▸ Problem to work on: Below are some records. Return exactly the lines from the one with "- moved C19 2.12 mm to (20.1, 40.0)" to the one with "- net 1.8V: now also FB3.2, JTAG1.1, R5.2, R6.2, R9.2;", and nothing else.
Top of Task input
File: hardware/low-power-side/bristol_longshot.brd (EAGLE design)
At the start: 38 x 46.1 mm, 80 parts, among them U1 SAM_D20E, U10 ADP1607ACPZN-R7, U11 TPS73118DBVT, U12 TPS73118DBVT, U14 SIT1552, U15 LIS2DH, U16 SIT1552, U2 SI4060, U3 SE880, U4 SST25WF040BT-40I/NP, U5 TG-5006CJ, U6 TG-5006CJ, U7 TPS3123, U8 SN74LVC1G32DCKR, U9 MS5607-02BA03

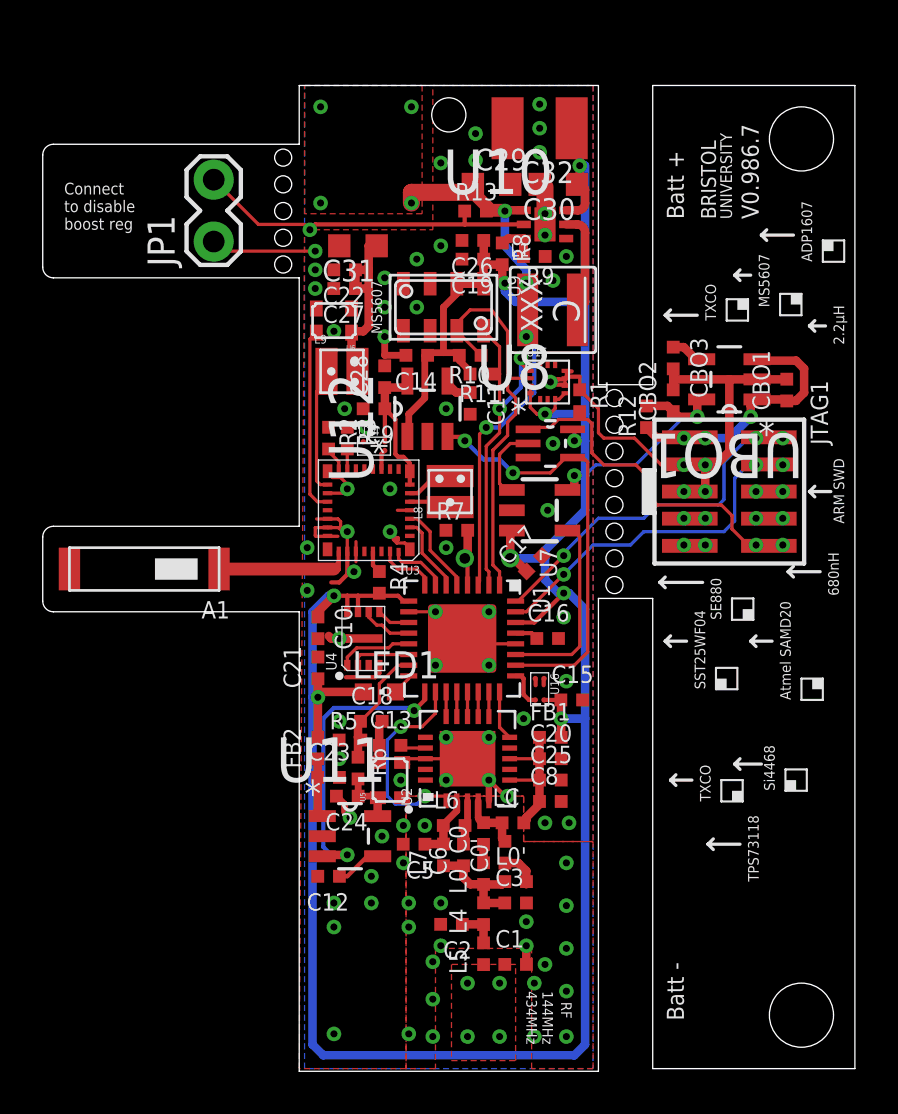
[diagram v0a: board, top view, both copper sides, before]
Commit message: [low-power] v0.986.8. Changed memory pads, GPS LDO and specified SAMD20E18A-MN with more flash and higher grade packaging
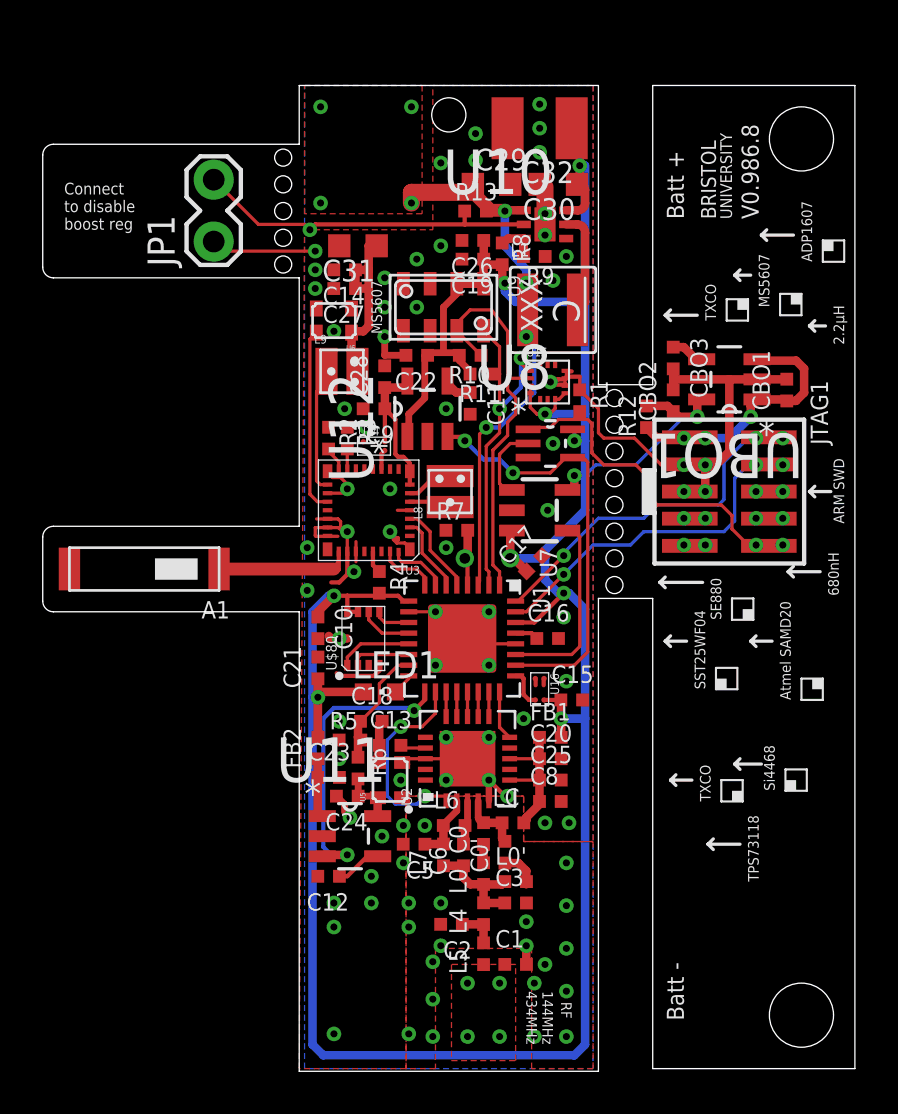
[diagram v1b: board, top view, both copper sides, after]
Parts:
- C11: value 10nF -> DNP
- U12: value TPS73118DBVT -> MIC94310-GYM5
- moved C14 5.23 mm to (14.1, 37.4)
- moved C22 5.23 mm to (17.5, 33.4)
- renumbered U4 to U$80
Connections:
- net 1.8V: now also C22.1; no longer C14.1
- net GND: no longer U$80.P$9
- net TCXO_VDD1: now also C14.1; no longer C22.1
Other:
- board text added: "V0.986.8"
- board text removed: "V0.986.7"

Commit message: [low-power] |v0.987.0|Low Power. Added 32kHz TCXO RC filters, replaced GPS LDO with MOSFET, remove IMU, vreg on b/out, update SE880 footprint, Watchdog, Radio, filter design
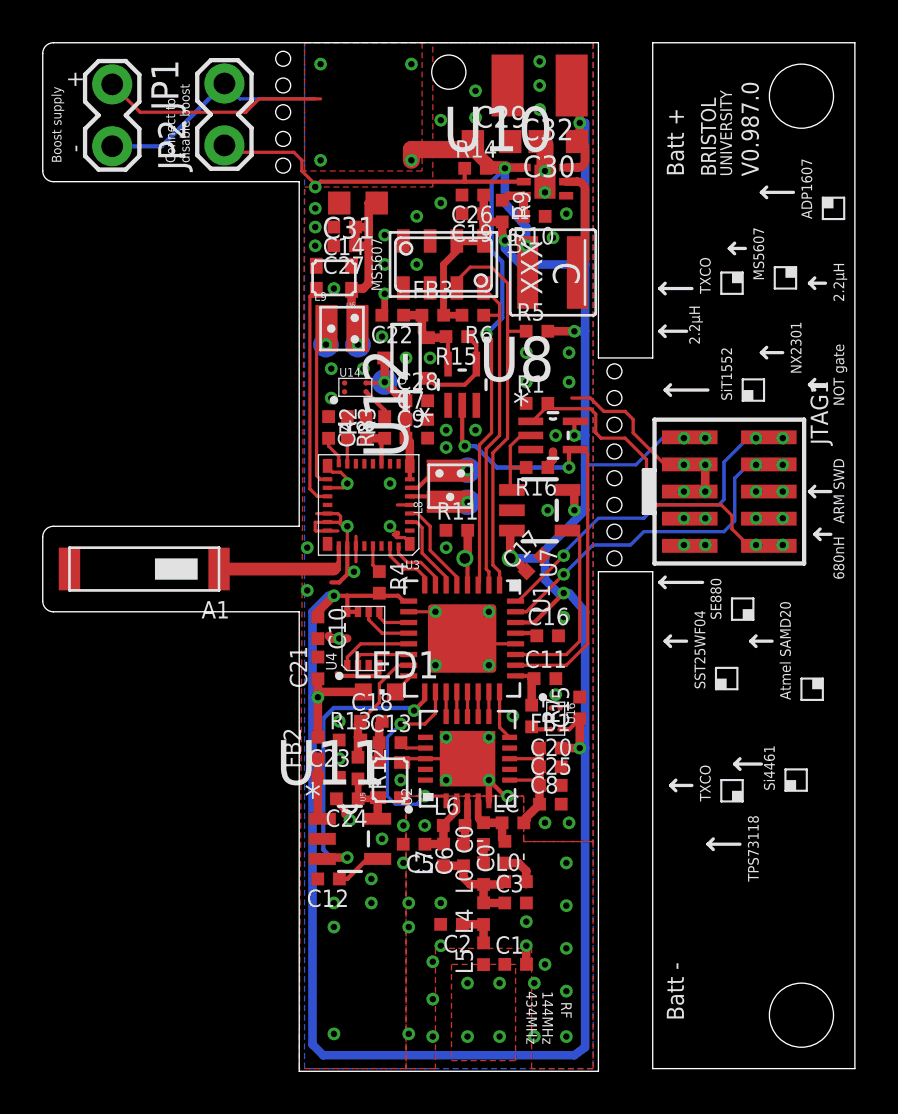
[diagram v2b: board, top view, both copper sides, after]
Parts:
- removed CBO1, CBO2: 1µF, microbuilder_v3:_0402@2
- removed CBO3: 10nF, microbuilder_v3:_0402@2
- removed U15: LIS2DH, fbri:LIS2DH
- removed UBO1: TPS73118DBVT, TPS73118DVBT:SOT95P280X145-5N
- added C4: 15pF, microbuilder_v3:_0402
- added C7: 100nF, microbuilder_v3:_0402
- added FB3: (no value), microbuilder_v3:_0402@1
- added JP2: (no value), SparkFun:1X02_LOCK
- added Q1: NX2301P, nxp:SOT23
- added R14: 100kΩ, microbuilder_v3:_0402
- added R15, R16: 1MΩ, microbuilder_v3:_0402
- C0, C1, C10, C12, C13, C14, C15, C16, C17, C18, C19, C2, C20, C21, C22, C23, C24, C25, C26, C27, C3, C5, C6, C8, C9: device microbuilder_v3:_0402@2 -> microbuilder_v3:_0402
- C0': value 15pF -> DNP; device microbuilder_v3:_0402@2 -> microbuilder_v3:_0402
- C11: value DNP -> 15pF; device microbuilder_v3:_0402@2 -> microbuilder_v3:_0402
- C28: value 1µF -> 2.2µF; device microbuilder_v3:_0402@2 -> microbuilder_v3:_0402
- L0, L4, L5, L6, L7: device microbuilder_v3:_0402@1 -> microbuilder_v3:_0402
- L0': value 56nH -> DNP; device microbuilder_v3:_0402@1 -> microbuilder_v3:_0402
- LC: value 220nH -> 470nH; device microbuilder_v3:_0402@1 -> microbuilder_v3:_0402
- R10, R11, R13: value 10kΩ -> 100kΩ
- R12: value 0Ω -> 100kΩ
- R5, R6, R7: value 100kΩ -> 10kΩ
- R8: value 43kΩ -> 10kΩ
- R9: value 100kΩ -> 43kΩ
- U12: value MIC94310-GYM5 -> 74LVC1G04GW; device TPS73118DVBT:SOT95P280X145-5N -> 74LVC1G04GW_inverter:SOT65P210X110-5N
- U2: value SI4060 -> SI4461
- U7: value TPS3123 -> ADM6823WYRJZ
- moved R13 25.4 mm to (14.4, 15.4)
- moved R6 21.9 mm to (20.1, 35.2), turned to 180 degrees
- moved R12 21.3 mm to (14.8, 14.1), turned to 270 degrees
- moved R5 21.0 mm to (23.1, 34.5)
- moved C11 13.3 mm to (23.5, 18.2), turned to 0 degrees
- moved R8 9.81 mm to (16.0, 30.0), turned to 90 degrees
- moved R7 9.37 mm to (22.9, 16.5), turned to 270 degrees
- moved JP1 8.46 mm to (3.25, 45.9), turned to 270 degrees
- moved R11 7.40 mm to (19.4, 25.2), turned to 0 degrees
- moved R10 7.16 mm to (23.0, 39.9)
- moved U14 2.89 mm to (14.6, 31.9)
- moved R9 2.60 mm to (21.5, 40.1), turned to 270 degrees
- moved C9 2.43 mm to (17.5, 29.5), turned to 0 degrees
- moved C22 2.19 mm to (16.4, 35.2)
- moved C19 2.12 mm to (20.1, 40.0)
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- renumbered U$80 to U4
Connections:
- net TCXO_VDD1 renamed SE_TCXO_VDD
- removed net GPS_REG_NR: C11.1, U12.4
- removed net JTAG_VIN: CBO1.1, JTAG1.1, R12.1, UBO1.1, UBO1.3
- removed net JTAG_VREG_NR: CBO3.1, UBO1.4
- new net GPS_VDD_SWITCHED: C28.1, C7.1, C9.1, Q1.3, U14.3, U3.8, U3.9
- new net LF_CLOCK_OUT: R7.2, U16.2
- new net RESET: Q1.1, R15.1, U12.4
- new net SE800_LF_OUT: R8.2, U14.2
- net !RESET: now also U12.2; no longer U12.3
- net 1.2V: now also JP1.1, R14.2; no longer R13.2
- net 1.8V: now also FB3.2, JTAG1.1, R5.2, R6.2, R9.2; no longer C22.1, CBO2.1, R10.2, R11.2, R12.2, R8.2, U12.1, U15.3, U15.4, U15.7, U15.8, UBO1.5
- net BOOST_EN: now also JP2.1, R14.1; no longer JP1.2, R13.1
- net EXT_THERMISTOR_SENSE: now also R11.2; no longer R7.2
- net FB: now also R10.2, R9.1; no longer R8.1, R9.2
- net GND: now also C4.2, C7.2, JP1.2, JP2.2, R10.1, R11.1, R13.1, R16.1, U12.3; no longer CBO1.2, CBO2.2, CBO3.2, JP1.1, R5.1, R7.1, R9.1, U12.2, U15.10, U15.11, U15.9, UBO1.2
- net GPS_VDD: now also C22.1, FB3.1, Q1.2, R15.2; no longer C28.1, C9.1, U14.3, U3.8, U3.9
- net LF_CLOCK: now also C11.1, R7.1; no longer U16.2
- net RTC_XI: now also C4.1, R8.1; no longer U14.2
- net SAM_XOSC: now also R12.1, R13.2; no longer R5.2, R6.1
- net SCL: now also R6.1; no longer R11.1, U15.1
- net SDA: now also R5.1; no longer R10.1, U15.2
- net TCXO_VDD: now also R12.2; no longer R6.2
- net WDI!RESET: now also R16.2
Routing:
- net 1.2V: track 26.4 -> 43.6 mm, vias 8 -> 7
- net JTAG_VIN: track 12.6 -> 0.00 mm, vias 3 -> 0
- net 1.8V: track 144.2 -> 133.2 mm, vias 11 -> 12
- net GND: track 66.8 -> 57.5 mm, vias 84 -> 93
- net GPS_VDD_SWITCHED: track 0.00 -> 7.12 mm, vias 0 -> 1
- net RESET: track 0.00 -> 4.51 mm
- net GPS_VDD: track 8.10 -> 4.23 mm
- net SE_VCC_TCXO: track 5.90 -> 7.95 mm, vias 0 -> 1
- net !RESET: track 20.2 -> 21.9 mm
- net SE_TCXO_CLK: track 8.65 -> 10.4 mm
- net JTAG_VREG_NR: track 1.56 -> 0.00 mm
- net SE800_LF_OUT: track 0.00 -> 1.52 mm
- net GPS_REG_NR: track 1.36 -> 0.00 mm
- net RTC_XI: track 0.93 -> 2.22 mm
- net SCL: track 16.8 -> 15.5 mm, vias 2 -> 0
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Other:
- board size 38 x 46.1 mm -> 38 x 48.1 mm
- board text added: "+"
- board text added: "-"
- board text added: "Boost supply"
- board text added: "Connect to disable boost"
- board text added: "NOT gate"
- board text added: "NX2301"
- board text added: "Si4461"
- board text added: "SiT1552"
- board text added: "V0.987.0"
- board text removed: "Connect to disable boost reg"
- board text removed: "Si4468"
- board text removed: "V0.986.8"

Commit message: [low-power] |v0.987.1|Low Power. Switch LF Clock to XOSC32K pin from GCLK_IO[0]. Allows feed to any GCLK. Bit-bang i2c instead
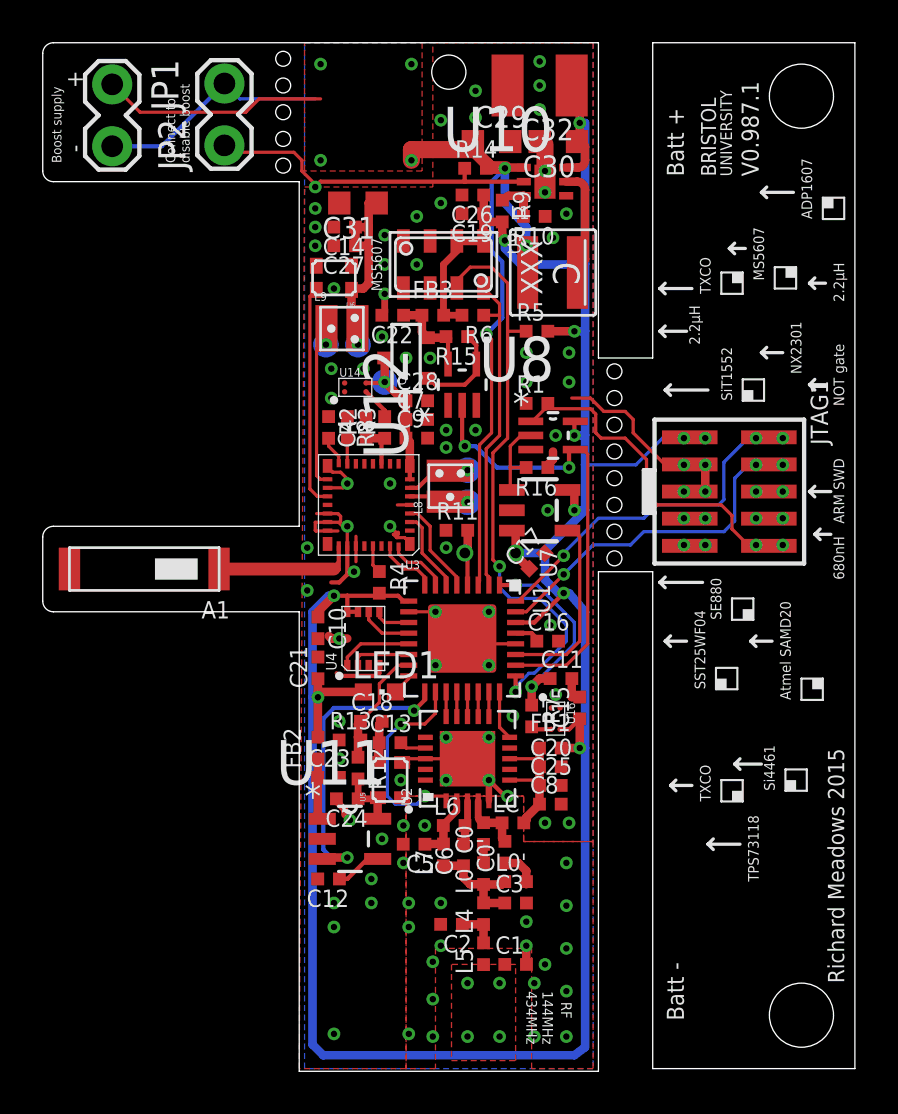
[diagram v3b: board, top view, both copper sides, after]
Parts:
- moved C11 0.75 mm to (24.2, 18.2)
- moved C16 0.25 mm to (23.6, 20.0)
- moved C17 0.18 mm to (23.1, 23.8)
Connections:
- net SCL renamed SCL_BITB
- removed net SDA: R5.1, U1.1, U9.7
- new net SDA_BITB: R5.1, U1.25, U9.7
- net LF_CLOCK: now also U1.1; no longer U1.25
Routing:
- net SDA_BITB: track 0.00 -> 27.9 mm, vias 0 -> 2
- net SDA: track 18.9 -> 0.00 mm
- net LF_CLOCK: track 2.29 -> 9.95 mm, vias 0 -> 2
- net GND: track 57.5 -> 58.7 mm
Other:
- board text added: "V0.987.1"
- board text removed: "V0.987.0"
Bottom of Task input
▸ Solution to this exercise:
- moved C19 2.12 mm to (20.1, 40.0)
- renumbered U$80 to U4
Connections:
- net TCXO_VDD1 renamed SE_TCXO_VDD
- removed net GPS_REG_NR: C11.1, U12.4
- removed net JTAG_VIN: CBO1.1, JTAG1.1, R12.1, UBO1.1, UBO1.3
- removed net JTAG_VREG_NR: CBO3.1, UBO1.4
- new net GPS_VDD_SWITCHED: C28.1, C7.1, C9.1, Q1.3, U14.3, U3.8, U3.9
- new net LF_CLOCK_OUT: R7.2, U16.2
- new net RESET: Q1.1, R15.1, U12.4
- new net SE800_LF_OUT: R8.2, U14.2
- net !RESET: now also U12.2; no longer U12.3
- net 1.2V: now also JP1.1, R14.2; no longer R13.2
- net 1.8V: now also FB3.2, JTAG1.1, R5.2, R6.2, R9.2; no longer C22.1, CBO2.1, R10.2, R11.2, R12.2, R8.2, U12.1, U15.3, U15.4, U15.7, U15.8, UBO1.5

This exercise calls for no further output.